Evripidis Stylianidis (, also transliterated Evripidis Stilianides) is a Greek politician who has served as Minister for the Interior, Minister for Education and Minister for Transport and Communications. He is a member of New Democracy.

Personal life and education 

Evripidis Stylianidis was born on 8 April 1966 in Maroneia, near Komotini in the Rhodope regional unit of Thrace.

Between 1984 and 1989 he studied at the Law School of the Democritus University of Thrace in Komotini, graduating with a Bachelor's degree. Between 1991 and 1994 he studied at the Law School of the University of Hamburg, graduating with a PhD in constitutional law, before serving in the Artillery Corps of the Hellenic Army between 1994 and 1995.

He is married to Stergioula Papachristou and speaks Greek and German.

Professional life 

From 1991 until 1994, Stylianidis worked at the Greek General Consulate in Hamburg, Germany, cooperating with the Greek Foreign Ministry. Between 1995 and 1996 he was an advisor to the president of the New Democracy political party in Greece in issues concerning youth affairs and cultural diplomacy. From 1997 until 1998, as a European Public Law Center (EPLC) fellow, he taught in the Master's degree programme in public law at the Law School of the National and Capodistrian University of Athens. From 1997 until 2000, Stylianidis was a researcher at European Public Law Center (EPLC).

Political life 

Evripidis Stylianidis first entered politics in 1994 with New Democracy as a Member of the European Parliament nominee.

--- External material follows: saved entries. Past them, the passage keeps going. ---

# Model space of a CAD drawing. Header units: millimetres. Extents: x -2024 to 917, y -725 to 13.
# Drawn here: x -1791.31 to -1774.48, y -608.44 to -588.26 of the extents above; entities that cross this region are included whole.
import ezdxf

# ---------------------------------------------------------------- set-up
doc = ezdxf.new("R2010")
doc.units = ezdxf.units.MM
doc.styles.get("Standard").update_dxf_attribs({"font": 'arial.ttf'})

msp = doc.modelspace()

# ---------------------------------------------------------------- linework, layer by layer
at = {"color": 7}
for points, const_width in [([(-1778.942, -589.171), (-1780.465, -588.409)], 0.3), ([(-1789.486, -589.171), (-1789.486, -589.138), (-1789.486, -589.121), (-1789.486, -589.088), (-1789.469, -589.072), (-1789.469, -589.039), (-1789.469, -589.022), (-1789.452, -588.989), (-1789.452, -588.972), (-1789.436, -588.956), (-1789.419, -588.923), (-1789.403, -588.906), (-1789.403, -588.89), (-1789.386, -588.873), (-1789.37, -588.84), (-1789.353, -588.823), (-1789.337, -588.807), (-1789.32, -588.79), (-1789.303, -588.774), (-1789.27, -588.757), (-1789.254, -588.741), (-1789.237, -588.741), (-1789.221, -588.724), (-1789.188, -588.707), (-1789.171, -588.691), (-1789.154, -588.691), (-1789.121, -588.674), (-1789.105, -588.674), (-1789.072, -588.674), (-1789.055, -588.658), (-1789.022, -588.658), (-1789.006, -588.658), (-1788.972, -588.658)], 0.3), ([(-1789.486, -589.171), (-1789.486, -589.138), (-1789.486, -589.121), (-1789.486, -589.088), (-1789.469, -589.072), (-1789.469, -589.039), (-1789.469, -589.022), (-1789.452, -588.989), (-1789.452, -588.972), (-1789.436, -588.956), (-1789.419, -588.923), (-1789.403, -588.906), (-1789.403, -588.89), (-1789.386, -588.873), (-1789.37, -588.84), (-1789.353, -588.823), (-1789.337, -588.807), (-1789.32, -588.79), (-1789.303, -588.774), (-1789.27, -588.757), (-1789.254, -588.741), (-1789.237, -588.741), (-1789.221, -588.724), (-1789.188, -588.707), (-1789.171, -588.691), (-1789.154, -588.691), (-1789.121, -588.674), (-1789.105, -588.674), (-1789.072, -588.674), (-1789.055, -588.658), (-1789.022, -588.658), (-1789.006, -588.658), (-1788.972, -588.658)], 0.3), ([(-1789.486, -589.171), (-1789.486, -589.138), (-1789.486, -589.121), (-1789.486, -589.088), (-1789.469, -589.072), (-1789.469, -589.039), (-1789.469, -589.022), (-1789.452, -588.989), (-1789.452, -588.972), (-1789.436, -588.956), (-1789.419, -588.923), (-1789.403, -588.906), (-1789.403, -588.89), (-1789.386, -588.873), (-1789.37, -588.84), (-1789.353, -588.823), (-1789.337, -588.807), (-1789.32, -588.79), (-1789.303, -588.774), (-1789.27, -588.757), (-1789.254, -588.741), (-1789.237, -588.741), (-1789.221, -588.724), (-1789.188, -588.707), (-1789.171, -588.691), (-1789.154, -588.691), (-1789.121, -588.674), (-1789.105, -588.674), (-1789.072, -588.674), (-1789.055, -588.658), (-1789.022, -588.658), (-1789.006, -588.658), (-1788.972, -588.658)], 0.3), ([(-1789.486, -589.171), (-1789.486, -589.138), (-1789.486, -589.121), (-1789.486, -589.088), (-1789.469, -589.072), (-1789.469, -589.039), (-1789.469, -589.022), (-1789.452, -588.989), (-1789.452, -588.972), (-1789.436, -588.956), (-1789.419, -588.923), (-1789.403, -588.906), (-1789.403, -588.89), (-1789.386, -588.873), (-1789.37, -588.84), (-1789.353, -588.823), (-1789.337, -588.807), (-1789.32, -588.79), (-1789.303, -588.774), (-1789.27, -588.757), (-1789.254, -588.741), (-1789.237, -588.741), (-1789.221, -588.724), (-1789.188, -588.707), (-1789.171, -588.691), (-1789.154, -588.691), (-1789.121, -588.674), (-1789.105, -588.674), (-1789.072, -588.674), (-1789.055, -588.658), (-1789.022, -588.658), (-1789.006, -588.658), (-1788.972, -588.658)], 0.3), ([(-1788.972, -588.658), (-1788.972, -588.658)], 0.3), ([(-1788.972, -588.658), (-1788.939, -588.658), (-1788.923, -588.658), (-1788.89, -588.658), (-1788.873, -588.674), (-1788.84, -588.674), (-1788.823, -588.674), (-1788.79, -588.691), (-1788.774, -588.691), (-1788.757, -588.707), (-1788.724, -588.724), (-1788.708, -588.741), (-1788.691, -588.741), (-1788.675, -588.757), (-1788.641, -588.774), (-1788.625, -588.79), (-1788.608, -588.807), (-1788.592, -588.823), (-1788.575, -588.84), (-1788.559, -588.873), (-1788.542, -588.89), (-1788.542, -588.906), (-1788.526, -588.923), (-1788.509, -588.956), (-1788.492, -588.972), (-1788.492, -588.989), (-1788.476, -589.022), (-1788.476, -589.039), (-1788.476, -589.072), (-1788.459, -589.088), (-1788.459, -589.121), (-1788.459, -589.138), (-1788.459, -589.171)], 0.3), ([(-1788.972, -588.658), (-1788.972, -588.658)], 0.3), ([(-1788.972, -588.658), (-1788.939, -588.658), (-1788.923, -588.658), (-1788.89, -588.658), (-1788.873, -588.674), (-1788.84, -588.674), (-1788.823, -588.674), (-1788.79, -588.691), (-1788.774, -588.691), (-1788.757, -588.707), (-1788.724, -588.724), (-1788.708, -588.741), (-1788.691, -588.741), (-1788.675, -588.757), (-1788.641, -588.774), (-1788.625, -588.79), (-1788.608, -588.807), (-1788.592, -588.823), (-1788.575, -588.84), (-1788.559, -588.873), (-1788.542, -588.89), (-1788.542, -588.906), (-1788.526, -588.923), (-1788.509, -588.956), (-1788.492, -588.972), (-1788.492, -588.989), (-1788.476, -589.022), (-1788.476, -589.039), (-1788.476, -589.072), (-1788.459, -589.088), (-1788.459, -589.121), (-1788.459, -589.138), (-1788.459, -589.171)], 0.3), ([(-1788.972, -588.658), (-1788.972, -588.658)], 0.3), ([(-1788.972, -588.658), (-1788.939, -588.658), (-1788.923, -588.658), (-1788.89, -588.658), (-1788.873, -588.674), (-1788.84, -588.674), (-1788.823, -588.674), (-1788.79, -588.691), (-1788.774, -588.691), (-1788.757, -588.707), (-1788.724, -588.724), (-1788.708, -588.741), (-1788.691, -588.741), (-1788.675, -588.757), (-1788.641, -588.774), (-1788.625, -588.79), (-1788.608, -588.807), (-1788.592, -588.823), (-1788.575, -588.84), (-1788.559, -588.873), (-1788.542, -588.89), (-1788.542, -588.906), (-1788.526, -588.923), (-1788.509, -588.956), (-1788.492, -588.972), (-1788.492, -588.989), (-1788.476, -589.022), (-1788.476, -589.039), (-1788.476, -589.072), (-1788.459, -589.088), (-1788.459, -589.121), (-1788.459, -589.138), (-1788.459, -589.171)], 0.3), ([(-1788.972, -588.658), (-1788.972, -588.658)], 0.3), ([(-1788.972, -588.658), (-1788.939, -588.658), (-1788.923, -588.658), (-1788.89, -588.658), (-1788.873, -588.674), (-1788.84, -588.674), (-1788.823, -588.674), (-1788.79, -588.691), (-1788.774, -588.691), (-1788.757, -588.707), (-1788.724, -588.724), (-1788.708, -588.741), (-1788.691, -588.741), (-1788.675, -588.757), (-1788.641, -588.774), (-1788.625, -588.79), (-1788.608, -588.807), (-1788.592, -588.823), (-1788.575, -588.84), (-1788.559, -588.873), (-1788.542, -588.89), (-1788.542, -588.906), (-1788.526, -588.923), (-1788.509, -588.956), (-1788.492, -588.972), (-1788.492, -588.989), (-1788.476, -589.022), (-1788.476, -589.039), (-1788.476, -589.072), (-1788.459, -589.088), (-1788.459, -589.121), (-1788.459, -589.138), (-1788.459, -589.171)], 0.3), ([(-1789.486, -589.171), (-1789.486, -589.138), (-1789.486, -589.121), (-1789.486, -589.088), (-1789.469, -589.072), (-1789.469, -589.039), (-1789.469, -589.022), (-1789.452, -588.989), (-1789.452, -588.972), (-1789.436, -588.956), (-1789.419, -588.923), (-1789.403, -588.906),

In 1996 he ran for parliament, but the election law at the time did not enable his party to elect an MP in the Rhodope constituency, albeit it is claimed that he received the most votes. In 2000 he was elected a Member of the Parliament of the Hellenes for the Rhodope Prefecture, and re-elected in 2004. In 2001, he was appointed New Democracy's alternative coordinator for foreign affairs, a position he held until 2004.

He has also been a member of the NATO Parliamentary Assembly and vice president of the Greece–Brazil and Greece–Germany and member of the Greece–Russia Parliamentary Friendship Committees.

In the January 2015 election he won a seat in the parliament. But lost his seat in the September 2015 election.

Ministerial positions 

On 19 September 2007, Evripidis Stylianidis became the Minister for National Education and Religious Affairs.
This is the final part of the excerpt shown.